DOHA: Qatar called on the international community on Wednesday to prevent a “genocide” in Rafah following Israel’s seizure of the Gaza city’s crossing with Egypt and threats of a wider assault.

In a statement the Gulf state, which has been mediating between Israel and militant group Hamas, appealed “for urgent international action to prevent the city from being invaded and a crime of genocide being committed.”

Israel struck targets in the Gaza Strip on Wednesday after seizing the main border crossing with Egypt.
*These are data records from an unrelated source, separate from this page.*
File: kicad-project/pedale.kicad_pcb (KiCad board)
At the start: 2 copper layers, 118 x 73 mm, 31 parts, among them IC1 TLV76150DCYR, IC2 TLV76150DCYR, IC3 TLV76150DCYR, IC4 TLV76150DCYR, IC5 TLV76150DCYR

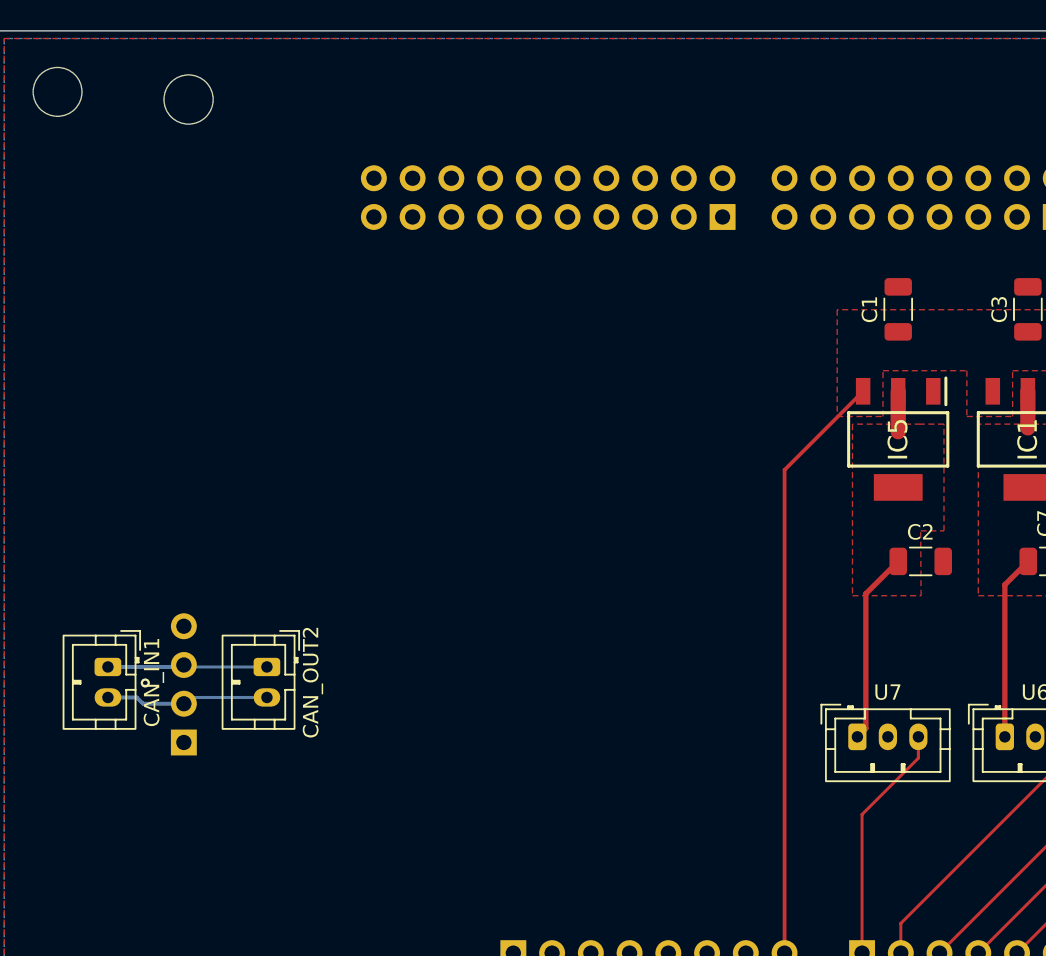
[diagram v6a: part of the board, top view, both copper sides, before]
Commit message: Logos added (EMS/EVR)
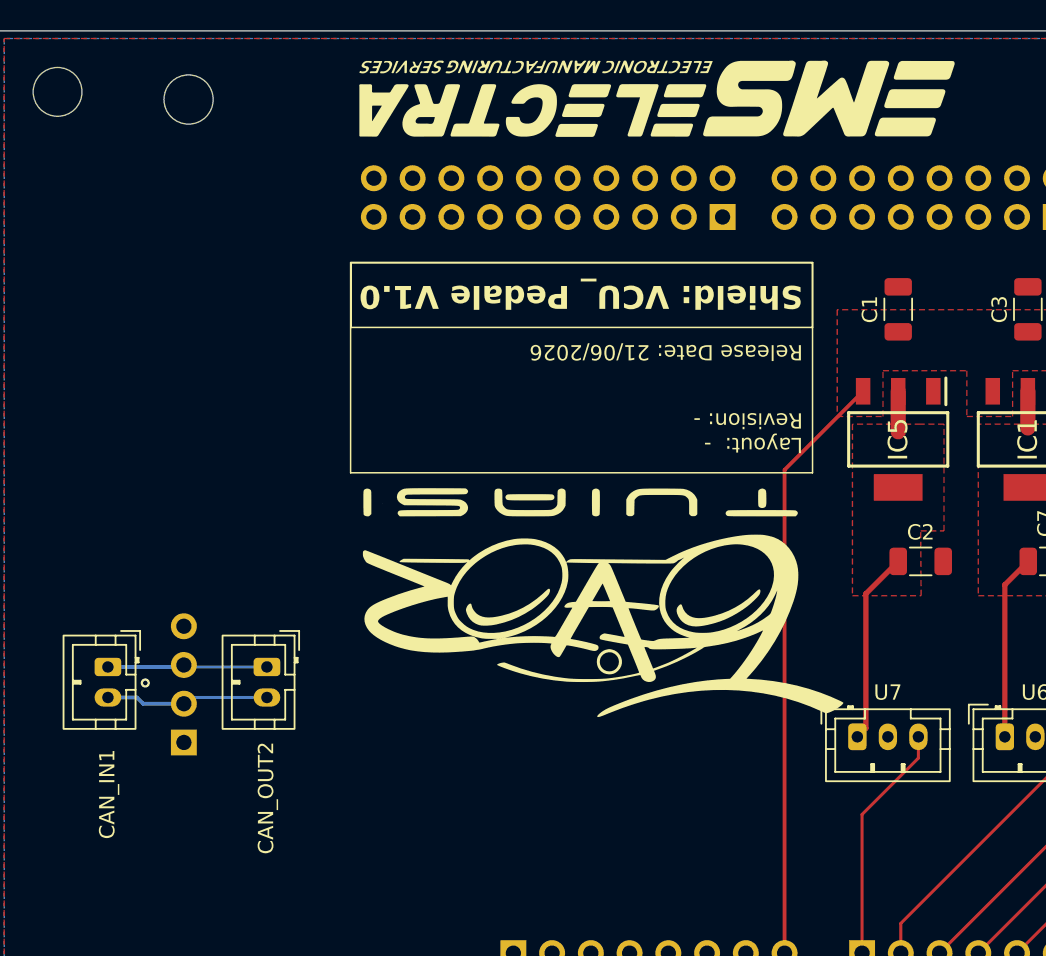
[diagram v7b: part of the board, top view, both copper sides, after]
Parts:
- added G***: LOGO, LOGO, F.Cu at (58.8, 62.5)
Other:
- board text added: "Layout: - Revision: -"
- board text added: "Release Date: 21/06/2026"
- board text added: "Shield: VCU_ Pedale V1.0"

Israel has vowed for weeks to launch a ground incursion into Rafah, despite a clamour of international objection.

The attacks on the southern city, which is packed with displaced civilians, came as negotiators and mediators met in Cairo to try to hammer out a hostage-release and truce deal in the seven-month war.

Qatar, which has hosted Hamas’s political office in Doha since 2012, has been engaged — along with Egypt and the United States — in months of behind-the-scenes mediation between Israel and the Palestinian group.

The African Union condemned Wednesday the Israeli military’s moves into southern Gaza’s Rafah, calling for the international community to stop “this deadly escalation” of the war.

AU Commission chief Moussa Faki Mahamat “firmly condemns the extension of this war to the Rafah crossing,” said a statement after Israeli tanks captured the key corridor for humanitarian aid into the besieged Palestinian territory.

Faki “expresses his extreme concern at the war undertaken by Israel in Gaza which results, at every moment, in massive deaths and systematic destruction of the conditions of human life,” the statement said.

“He calls on the entire international community to effectively coordinate collective action to stop this deadly escalation.”